I've been thinking on this one for a little bit too and I think the main issue in our way is that our implementation of the RAG feature is fairly limited from the UI. Direct invocation via curl command or similar isn't really documented, but as I'm staring at it, I can see that it is possible to upload a custom list of keys to the rag store, so long as the exist in the LISA-provided document bucket (which is also something that we could edit to be user-provider). And with that, we could then provide additional metadata as part of the ingest_documents request. Several routes to go from here, but possible ones:

  1. any metadata given in a call is added to all docs that are processed (keys: [docname1, docname2], metadata: something_applied_to_all)
  2. metadata is applied to objects whose key match in a key:val relationship (keys: [docname1, docname2], metadata: {docname1: metadata1, docname2: metadata2})

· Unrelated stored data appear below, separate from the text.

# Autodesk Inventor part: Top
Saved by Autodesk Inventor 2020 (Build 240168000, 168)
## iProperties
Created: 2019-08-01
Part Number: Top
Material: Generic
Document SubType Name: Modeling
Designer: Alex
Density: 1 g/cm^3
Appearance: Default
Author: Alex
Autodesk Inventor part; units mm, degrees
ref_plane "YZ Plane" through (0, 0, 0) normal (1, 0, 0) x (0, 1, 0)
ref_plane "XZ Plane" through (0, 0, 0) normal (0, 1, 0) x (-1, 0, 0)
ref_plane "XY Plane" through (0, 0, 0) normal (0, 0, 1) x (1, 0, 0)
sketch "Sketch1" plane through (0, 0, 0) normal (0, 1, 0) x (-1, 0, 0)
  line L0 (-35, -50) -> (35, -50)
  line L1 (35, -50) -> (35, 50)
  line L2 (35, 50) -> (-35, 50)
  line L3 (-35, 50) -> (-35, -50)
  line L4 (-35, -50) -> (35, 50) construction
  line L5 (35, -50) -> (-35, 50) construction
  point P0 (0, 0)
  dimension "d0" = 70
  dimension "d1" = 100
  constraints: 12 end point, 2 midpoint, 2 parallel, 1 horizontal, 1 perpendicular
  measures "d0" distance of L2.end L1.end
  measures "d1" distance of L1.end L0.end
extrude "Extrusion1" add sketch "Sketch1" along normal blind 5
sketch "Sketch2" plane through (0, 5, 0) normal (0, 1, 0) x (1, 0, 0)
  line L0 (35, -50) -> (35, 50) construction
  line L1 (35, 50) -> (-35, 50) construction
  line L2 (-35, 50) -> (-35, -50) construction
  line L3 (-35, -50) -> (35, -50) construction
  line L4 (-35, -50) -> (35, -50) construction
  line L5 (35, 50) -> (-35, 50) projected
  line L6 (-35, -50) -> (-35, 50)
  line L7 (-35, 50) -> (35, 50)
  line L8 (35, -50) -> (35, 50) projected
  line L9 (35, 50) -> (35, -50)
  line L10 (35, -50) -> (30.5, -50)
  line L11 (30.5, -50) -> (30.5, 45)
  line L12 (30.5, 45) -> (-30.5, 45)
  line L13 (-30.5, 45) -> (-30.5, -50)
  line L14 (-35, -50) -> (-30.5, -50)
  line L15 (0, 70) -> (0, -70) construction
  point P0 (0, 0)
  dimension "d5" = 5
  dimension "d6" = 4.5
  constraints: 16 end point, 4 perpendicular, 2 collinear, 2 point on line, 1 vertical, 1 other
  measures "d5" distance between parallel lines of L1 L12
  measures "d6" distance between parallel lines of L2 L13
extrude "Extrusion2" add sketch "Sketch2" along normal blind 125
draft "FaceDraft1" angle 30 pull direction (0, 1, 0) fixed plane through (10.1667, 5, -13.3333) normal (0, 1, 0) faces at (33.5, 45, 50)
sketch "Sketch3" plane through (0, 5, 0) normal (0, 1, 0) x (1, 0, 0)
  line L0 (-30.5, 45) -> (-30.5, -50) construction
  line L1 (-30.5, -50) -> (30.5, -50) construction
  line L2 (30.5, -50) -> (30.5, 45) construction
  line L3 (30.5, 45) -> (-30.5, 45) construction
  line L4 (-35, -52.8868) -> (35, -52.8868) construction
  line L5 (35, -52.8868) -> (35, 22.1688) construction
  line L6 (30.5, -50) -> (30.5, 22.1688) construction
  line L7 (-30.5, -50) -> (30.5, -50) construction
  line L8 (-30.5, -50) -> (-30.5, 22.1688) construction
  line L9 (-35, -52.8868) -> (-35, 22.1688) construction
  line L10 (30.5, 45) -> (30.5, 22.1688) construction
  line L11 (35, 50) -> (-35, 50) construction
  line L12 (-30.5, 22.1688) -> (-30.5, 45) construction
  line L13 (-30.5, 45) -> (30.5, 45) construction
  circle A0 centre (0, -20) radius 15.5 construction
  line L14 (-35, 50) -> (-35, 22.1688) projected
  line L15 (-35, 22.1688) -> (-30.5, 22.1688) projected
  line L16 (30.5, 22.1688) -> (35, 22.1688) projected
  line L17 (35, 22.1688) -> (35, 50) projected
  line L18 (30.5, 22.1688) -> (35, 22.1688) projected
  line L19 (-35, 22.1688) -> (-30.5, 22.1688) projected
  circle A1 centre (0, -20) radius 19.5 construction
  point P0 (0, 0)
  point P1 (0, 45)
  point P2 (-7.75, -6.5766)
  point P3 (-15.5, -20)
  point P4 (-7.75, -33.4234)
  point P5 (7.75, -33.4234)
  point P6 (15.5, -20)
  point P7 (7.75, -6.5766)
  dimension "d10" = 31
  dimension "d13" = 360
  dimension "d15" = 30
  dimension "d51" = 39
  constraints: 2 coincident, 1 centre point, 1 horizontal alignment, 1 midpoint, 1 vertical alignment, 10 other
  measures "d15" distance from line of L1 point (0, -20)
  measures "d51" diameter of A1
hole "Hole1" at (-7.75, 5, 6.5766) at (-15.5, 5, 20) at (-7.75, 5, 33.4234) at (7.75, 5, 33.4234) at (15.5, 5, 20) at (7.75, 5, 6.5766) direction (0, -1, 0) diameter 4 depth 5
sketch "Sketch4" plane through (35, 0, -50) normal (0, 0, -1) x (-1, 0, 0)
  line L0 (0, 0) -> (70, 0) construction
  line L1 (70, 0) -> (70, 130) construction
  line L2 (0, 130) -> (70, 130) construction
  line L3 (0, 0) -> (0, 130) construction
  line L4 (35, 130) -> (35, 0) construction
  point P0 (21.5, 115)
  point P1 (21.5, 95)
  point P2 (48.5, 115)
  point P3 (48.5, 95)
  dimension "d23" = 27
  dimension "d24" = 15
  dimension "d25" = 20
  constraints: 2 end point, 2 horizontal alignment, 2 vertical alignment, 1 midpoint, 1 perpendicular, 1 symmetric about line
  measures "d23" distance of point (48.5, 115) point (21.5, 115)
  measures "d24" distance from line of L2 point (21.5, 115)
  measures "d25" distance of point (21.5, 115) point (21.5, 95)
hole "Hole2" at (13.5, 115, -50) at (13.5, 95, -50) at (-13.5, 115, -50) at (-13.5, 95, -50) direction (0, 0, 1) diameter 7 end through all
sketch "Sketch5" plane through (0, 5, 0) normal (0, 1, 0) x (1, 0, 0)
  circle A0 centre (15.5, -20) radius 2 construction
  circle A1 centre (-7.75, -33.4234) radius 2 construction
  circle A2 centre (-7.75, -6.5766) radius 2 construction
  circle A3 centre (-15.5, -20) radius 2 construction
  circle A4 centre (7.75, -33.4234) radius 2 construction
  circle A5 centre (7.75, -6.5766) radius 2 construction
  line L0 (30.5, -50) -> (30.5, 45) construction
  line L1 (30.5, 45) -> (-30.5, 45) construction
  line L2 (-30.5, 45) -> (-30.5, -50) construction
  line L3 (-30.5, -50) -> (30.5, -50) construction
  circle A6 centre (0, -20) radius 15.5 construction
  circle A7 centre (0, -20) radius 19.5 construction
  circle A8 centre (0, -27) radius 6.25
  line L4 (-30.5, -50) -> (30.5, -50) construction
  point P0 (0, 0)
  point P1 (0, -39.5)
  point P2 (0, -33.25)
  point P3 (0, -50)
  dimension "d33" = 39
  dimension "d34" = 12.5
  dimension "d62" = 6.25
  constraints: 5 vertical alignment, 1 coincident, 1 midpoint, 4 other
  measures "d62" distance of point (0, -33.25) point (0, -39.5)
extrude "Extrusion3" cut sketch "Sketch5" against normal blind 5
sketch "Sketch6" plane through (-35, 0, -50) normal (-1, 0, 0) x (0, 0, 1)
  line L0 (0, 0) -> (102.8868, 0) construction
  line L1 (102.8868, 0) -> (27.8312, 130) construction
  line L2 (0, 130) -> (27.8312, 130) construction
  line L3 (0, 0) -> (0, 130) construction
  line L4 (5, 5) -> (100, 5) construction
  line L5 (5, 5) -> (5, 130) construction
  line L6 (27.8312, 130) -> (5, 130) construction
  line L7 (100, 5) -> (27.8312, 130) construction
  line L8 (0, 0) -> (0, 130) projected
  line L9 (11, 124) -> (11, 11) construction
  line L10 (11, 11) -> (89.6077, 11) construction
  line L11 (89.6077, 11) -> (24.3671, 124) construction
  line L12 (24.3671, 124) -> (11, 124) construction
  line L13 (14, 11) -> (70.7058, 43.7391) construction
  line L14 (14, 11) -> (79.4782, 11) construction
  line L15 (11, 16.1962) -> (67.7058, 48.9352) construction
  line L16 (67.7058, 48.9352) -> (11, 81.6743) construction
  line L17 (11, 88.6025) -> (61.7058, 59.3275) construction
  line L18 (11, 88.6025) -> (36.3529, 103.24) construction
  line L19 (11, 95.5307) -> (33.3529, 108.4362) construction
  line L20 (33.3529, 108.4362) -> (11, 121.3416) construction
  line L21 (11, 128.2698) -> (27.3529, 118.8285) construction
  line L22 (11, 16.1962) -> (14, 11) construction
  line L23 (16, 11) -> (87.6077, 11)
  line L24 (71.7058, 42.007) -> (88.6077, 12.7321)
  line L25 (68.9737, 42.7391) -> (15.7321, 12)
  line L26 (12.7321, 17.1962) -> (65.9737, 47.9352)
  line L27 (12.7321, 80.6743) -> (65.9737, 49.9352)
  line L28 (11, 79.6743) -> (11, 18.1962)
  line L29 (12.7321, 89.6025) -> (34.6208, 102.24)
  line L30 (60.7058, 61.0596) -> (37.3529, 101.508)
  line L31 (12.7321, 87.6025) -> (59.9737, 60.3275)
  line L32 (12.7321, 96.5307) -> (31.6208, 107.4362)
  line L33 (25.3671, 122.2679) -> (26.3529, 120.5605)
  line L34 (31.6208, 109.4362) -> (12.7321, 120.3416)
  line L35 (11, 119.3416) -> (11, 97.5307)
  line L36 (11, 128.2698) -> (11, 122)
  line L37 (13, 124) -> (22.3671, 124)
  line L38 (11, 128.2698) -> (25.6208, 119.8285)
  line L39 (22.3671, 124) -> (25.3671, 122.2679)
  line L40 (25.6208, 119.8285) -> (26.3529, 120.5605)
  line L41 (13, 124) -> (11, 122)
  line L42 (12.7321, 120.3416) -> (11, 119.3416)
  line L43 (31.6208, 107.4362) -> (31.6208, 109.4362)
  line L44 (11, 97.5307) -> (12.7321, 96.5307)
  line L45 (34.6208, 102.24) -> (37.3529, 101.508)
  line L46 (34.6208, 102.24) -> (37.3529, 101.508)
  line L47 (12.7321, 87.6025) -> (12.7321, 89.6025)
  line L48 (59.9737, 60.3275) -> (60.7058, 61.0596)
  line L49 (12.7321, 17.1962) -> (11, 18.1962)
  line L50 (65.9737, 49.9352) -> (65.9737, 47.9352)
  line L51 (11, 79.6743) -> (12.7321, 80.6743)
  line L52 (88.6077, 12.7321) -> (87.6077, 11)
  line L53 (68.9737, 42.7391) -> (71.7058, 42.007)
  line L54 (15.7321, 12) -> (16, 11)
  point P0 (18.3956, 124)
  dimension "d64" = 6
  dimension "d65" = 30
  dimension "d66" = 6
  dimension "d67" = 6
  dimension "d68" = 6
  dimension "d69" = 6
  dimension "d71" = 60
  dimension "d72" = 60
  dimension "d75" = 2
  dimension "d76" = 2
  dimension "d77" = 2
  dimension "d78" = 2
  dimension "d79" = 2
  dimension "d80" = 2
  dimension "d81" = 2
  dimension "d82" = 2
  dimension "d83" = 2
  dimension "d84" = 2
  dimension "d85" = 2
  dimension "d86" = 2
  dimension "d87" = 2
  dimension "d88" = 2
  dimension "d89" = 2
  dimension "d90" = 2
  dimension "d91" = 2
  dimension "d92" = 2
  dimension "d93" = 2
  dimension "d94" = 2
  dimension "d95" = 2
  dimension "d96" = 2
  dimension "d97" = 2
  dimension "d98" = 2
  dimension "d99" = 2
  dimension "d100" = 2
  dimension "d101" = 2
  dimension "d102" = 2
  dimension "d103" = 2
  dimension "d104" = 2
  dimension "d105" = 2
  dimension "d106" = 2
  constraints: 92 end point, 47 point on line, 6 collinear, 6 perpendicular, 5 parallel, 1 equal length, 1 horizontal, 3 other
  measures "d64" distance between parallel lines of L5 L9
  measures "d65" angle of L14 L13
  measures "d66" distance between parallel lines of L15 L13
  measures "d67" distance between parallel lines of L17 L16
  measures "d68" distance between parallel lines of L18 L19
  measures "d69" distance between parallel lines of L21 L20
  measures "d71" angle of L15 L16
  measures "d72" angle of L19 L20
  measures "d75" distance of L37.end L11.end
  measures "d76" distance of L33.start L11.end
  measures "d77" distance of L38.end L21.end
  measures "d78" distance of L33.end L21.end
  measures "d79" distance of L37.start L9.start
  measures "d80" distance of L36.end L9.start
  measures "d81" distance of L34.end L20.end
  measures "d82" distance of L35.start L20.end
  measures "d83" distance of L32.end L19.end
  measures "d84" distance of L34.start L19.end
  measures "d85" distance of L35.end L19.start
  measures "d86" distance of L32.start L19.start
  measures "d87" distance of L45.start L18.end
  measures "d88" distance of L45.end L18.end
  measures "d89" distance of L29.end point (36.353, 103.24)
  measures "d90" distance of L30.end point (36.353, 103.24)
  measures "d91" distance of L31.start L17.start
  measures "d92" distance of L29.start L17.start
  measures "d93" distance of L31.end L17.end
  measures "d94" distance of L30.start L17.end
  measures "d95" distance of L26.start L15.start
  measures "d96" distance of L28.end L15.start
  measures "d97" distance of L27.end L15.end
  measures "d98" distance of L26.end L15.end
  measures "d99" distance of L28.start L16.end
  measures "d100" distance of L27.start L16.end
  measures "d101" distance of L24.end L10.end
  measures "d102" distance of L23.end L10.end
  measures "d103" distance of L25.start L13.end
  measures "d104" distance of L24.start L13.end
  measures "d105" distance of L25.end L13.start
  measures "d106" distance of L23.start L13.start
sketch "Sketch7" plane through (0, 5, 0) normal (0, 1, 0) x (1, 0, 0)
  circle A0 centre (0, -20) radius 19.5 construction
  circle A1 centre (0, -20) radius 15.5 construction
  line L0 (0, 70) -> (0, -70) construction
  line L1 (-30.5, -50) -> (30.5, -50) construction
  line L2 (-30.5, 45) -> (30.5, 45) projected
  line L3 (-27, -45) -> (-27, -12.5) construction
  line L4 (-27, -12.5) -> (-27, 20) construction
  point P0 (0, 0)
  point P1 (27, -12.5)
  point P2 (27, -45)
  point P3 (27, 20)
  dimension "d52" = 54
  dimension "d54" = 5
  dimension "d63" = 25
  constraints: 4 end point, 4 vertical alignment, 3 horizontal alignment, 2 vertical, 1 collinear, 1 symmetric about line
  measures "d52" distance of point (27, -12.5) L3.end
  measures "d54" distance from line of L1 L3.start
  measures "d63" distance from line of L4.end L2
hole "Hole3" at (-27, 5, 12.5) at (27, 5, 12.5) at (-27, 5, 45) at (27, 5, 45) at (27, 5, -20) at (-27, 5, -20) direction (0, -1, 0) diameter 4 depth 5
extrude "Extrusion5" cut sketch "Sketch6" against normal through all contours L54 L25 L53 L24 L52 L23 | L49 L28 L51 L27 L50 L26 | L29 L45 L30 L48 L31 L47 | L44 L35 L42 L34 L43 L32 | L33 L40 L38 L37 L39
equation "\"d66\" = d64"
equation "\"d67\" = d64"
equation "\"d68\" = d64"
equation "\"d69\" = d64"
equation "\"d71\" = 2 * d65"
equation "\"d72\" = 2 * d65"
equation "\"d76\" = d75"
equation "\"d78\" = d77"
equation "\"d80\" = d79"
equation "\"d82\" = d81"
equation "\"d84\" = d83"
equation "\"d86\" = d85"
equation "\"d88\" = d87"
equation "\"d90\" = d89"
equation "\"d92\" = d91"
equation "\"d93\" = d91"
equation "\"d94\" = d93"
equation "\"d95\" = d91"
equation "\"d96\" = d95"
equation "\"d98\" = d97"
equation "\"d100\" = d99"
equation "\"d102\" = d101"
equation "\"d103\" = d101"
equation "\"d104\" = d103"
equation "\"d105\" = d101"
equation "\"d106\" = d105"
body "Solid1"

And to answer your question, yes the rag layer could be used that way, but then it's a lot harder for us to support that way or improve on our existing things. I would say even based on all of this, we would still welcome a pull request with your ideas in it, and we can work to find the best path forward on it. If the goal for now is to just make a utility outside of the Chat UI to ingest documents with metadata, I think that backwards compatible changes to the repository API would be fine (as long as it doesn't break the current functionality then I'm good 👍 )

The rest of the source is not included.